_EXERCISE BRIEF_. Among the lines of the records, please find those that contain the word "CONTINUOUS" and copy them.

_PROVIDED INFORMATION_.
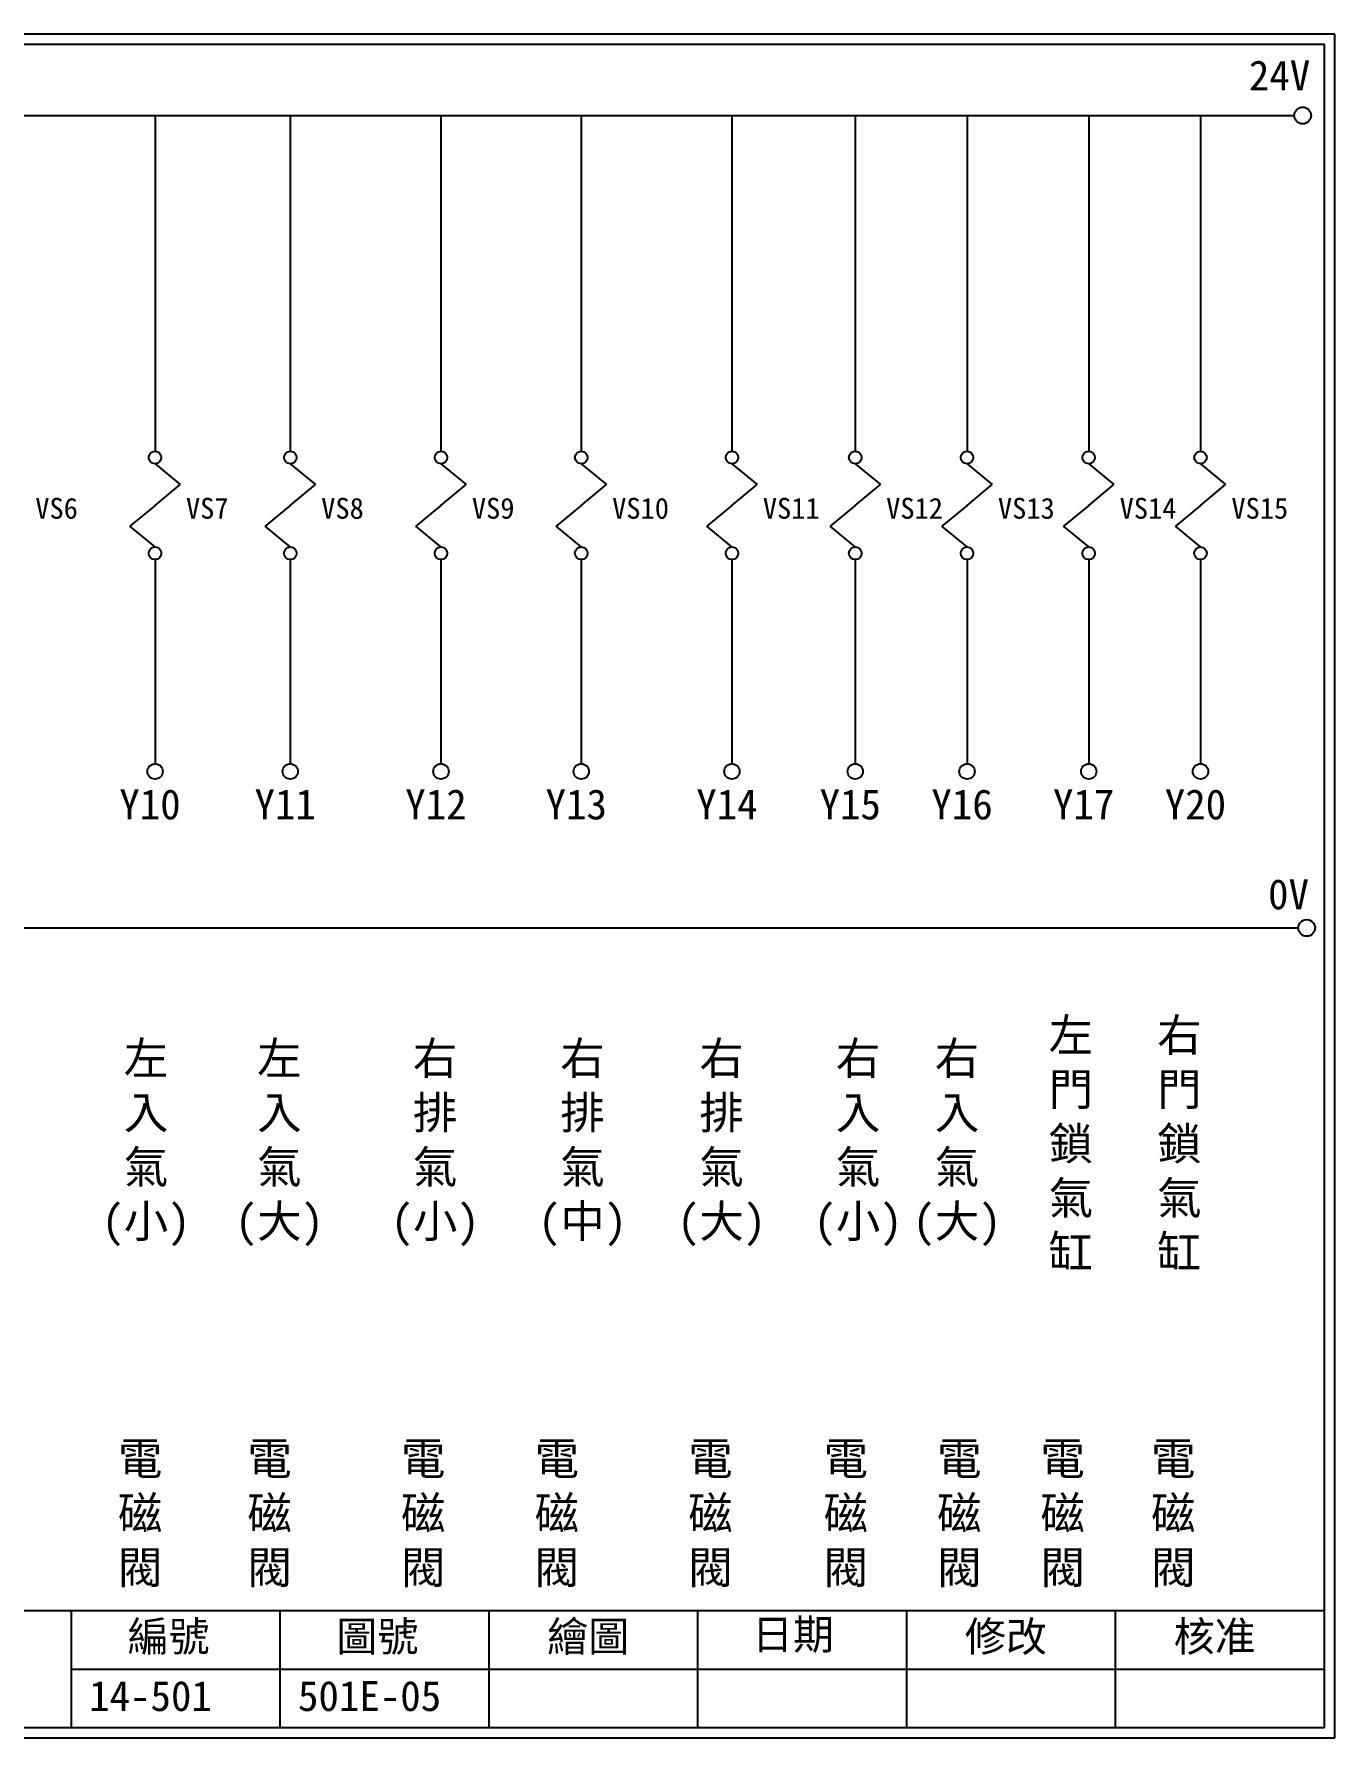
# Model space of a CAD drawing. Extents: x 926 to 1213, y 3 to 207.
# Drawn here: x 1057 to 1212.7, y 3 to 207 of the extents above; entities that cross this region are included whole.
import ezdxf

# ---------------------------------------------------------------- set-up
doc = ezdxf.new("R2010")
doc.units = 0
doc.layers.get('0').update_dxf_attribs({"linetype": 'CONTINUOUS'})
doc.layers.add('圖框層', color=7, linetype='CONTINUOUS')
doc.layers.add('標尺寸層', color=3, linetype='CONTINUOUS')
doc.styles.add('CNS', font='romanc.shx', dxfattribs={"bigfont": 'chineset.shx'})
doc.styles.add('STSL', font='kaiu.ttf')

msp = doc.modelspace()

# ---------------------------------------------------------------- linework, layer by layer
for centre in [(1208.88, 197.22), (1209.36, 99.96)]:
    msp.add_circle(centre, 1)
at = {"layer": '圖框層', "color": 7}
for p, q in [((1212.74, 206.97), (925.74, 206.97)), ((1212.74, 3), (1212.74, 206.97)), ((1211.49, 205.72), (926.99, 205.72)), ((1211.49, 4.25), (1211.49, 205.72)), ((926.99, 18.25), (1211.49, 18.25)), ((1061.49, 4.25), (1061.49, 18.25)), ((1086.49, 4.25), (1086.49, 18.25)), ((1111.49, 4.25), (1111.49, 18.25)), ((1136.49, 4.25), (1136.49, 18.25)), ((1161.49, 4.25), (1161.49, 18.25)), ((1186.49, 4.25), (1186.49, 18.25)), ((1061.49, 11.25), (1211.49, 11.25)), ((926.99, 4.25), (1211.49, 4.25)), ((925.74, 3), (1212.74, 3))]:
    msp.add_line(p, q, dxfattribs=at)
at = {"layer": '標尺寸層', "color": 7}
for p, q in [((930.28, 197.22), (1207.88, 197.22)), ((1071.5, 197.22), (1071.5, 157.03)), ((1087.69, 197.22), (1087.69, 157.03)), ((1105.73, 197.22), (1105.73, 157.03)), ((1122.52, 197.22), (1122.52, 157.03)), ((1140.56, 197.22), (1140.56, 157.03)), ((1155.32, 197.22), (1155.32, 157.03)), ((1168.7, 197.22), (1168.7, 157.03)), ((1183.27, 197.22), (1183.27, 157.03)), ((1196.65, 197.22), (1196.65, 157.03)), ((1071.5, 155.53), (1074.5, 153.04)), ((1087.69, 155.53), (1090.69, 153.04)), ((1105.73, 155.53), (1108.73, 153.04)), ((1122.52, 155.53), (1125.53, 153.04)), ((1140.56, 155.53), (1143.56, 153.04)), ((1155.32, 155.53), (1158.33, 153.04)), ((1168.7, 155.53), (1171.71, 153.04)), ((1183.27, 155.53), (1186.27, 153.04)), ((1196.65, 155.53), (1199.65, 153.04)), ((1071.5, 150.55), (1074.5, 153.04)), ((1087.69, 150.55), (1090.69, 153.04)), ((1105.73, 150.55), (1108.73, 153.04)), ((1122.52, 150.55), (1125.53, 153.04)), ((1140.56, 150.55), (1143.56, 153.04)), ((1155.32, 150.55), (1158.33, 153.04)), ((1168.7, 150.55), (1171.71, 153.04)), ((1183.27, 150.55), (1186.27, 153.04)), ((1196.65, 150.55), (1199.65, 153.04)), ((1071.5, 150.55), (1068.49, 148.06)), ((1087.69, 150.55), (1084.69, 148.06)), ((1105.73, 150.55), (1102.72, 148.06)), ((1122.52, 150.55), (1119.52, 148.06)), ((1140.56, 150.55), (1137.56, 148.06)), ((1155.32, 150.55), (1152.32, 148.06)), ((1168.7, 150.55), (1165.7, 148.06)), ((1183.27, 150.55), (1180.26, 148.06)), ((1196.65, 150.55), (1193.64, 148.06)), ((1071.5, 145.57), (1068.49, 148.06)), ((1087.69, 145.57), (1084.69, 148.06)), ((1105.73, 145.57), (1102.72, 148.06)), ((1122.52, 145.57), (1119.52, 148.06)), ((1140.56, 145.57), (1137.56, 148.06)), ((1155.32, 145.57), (1152.32, 148.06)), ((1168.7, 145.57), (1165.7, 148.06)), ((1183.27, 145.57), (1180.26, 148.06)), ((1196.65, 145.57), (1193.64, 148.06)), ((1071.5, 144.07), (1071.5, 119.62)), ((1087.69, 144.07), (1087.69, 119.62)), ((1105.73, 144.07), (1105.73, 119.62)), ((1122.52, 144.07), (1122.52, 119.62)), ((1140.56, 144.07), (1140.56, 119.62)), ((1155.32, 144.07), (1155.32, 119.62)), ((1168.7, 144.07), (1168.7, 119.62)), ((1183.27, 144.07), (1183.27, 119.62)), ((1196.65, 144.07), (1196.65, 119.62)), ((930.49, 99.96), (1208.36, 99.96))]:
    msp.add_line(p, q, dxfattribs=at)
for centre, radius in [((1071.5, 156.28), 0.751), ((1087.69, 156.28), 0.751), ((1105.73, 156.28), 0.751), ((1122.52, 156.28), 0.751), ((1140.56, 156.28), 0.751), ((1155.32, 156.28), 0.751), ((1168.7, 156.28), 0.751), ((1183.27, 156.28), 0.751), ((1196.65, 156.28), 0.751), ((1071.5, 144.82), 0.751), ((1087.69, 144.82), 0.751), ((1105.73, 144.82), 0.751), ((1122.52, 144.82), 0.751), ((1140.56, 144.82), 0.751), ((1155.32, 144.82), 0.751), ((1168.7, 144.82), 0.751), ((1183.27, 144.82), 0.751), ((1196.65, 144.82), 0.751), ((1071.5, 118.7), 0.92), ((1087.69, 118.7), 0.92), ((1105.73, 118.7), 0.92), ((1122.52, 118.7), 0.92), ((1140.56, 118.7), 0.92), ((1155.32, 118.7), 0.92), ((1168.7, 118.7), 0.92), ((1183.27, 118.7), 0.92), ((1196.65, 118.7), 0.92)]:
    msp.add_circle(centre, radius, dxfattribs=at)

# ---------------------------------------------------------------- texts
at = {"layer": '圖框層', "color": 4, "style": 'STSL'}
for s, height, p in [('24V', 3.6, (1202.44, 200.22)), ('VS6', 2.5, (1057.16, 148.95)), ('VS7', 2.5, (1075.2, 148.95)), ('VS8', 2.5, (1091.39, 148.95)), ('VS9', 2.5, (1109.43, 148.95)), ('VS10', 2.5, (1126.22, 148.95)), ('VS11', 2.5, (1144.26, 148.95)), ('VS12', 2.5, (1159.02, 148.95)), ('VS13', 2.5, (1172.4, 148.95)), ('VS14', 2.5, (1186.97, 148.95)), ('VS15', 2.5, (1200.35, 148.95)), ('Y10', 3.6, (1067.22, 112.96)), ('Y11', 3.6, (1083.41, 112.96)), ('Y12', 3.6, (1101.45, 112.96)), ('Y13', 3.6, (1118.25, 112.96)), ('Y14', 3.6, (1136.29, 112.96)), ('Y15', 3.6, (1151.05, 112.96)), ('Y16', 3.6, (1164.43, 112.96)), ('Y17', 3.6, (1178.99, 112.96)), ('Y20', 3.6, (1192.37, 112.96)), ('0V', 3.6, (1204.74, 102.2)), ('編號', 3.6, (1068.21, 13.34)), ('圖號', 3.6, (1093.21, 13.34)), ('繪圖', 3.6, (1118.44, 13.34)), ('日期', 3.6, (1142.96, 13.59)), ('修改', 3.6, (1168.44, 13.34)), ('核准', 3.6, (1193.44, 13.34)), ('14-501', 3.6, (1063.61, 6.22)), ('501E-05', 3.6, (1088.61, 6.22))]:
    msp.add_text(s, height=height, dxfattribs=at).set_placement(p)
at = {"layer": '標尺寸層', "color": 7, "char_height": 3.9, "width": 2.8481, "attachment_point": 5, "style": 'CNS'}
for s, insert in [('{\\fDFKai-SB|b0|i0|c136|p65;左門鎖氣缸}', (1181.13, 74.09)), ('{\\fDFKai-SB|b0|i0|c136|p65;右門鎖氣缸}', (1194.12, 74.09)), ('{\\fDFKai-SB|b0|i0|c136|p65;左入氣(小)}', (1070.42, 74.09)), ('{\\fDFKai-SB|b0|i0|c136|p65;左入氣(大)}', (1086.38, 74.09)), ('{\\fDFKai-SB|b0|i0|c136|p65;右排氣(小)}', (1105.03, 74.09)), ('{\\fDFKai-SB|b0|i0|c136|p65;右排氣(中)}', (1122.67, 74.09)), ('{\\fDFKai-SB|b0|i0|c136|p65;右排氣(大)}', (1139.32, 74.09)), ('{\\fDFKai-SB|b0|i0|c136|p65;右入氣(小)}', (1155.66, 74.09)), ('{\\fDFKai-SB|b0|i0|c136|p65;右入氣(大)}', (1167.5, 74.09)), ('{\\fDFKai-SB|b0|i0|c136|p65;電磁閥}', (1069.72, 29.71)), ('{\\fDFKai-SB|b0|i0|c136|p65;電磁閥}', (1085.21, 29.71)), ('{\\fDFKai-SB|b0|i0|c136|p65;電磁閥}', (1103.6, 29.71)), ('{\\fDFKai-SB|b0|i0|c136|p65;電磁閥}', (1119.6, 29.71)), ('{\\fDFKai-SB|b0|i0|c136|p65;電磁閥}', (1137.99, 29.71)), ('{\\fDFKai-SB|b0|i0|c136|p65;電磁閥}', (1154.19, 29.71)), ('{\\fDFKai-SB|b0|i0|c136|p65;電磁閥}', (1167.78, 29.71)), ('{\\fDFKai-SB|b0|i0|c136|p65;電磁閥}', (1180.15, 29.71)), ('{\\fDFKai-SB|b0|i0|c136|p65;電磁閥}', (1193.39, 29.71))]:
    msp.add_mtext(s, dxfattribs=dict(at, insert=insert))

doc.saveas('drawing.dxf')

_ANSWER BOX_.
doc.layers.get('0').update_dxf_attribs({"linetype": 'CONTINUOUS'})
doc.layers.add('圖框層', color=7, linetype='CONTINUOUS')
doc.layers.add('標尺寸層', color=3, linetype='CONTINUOUS')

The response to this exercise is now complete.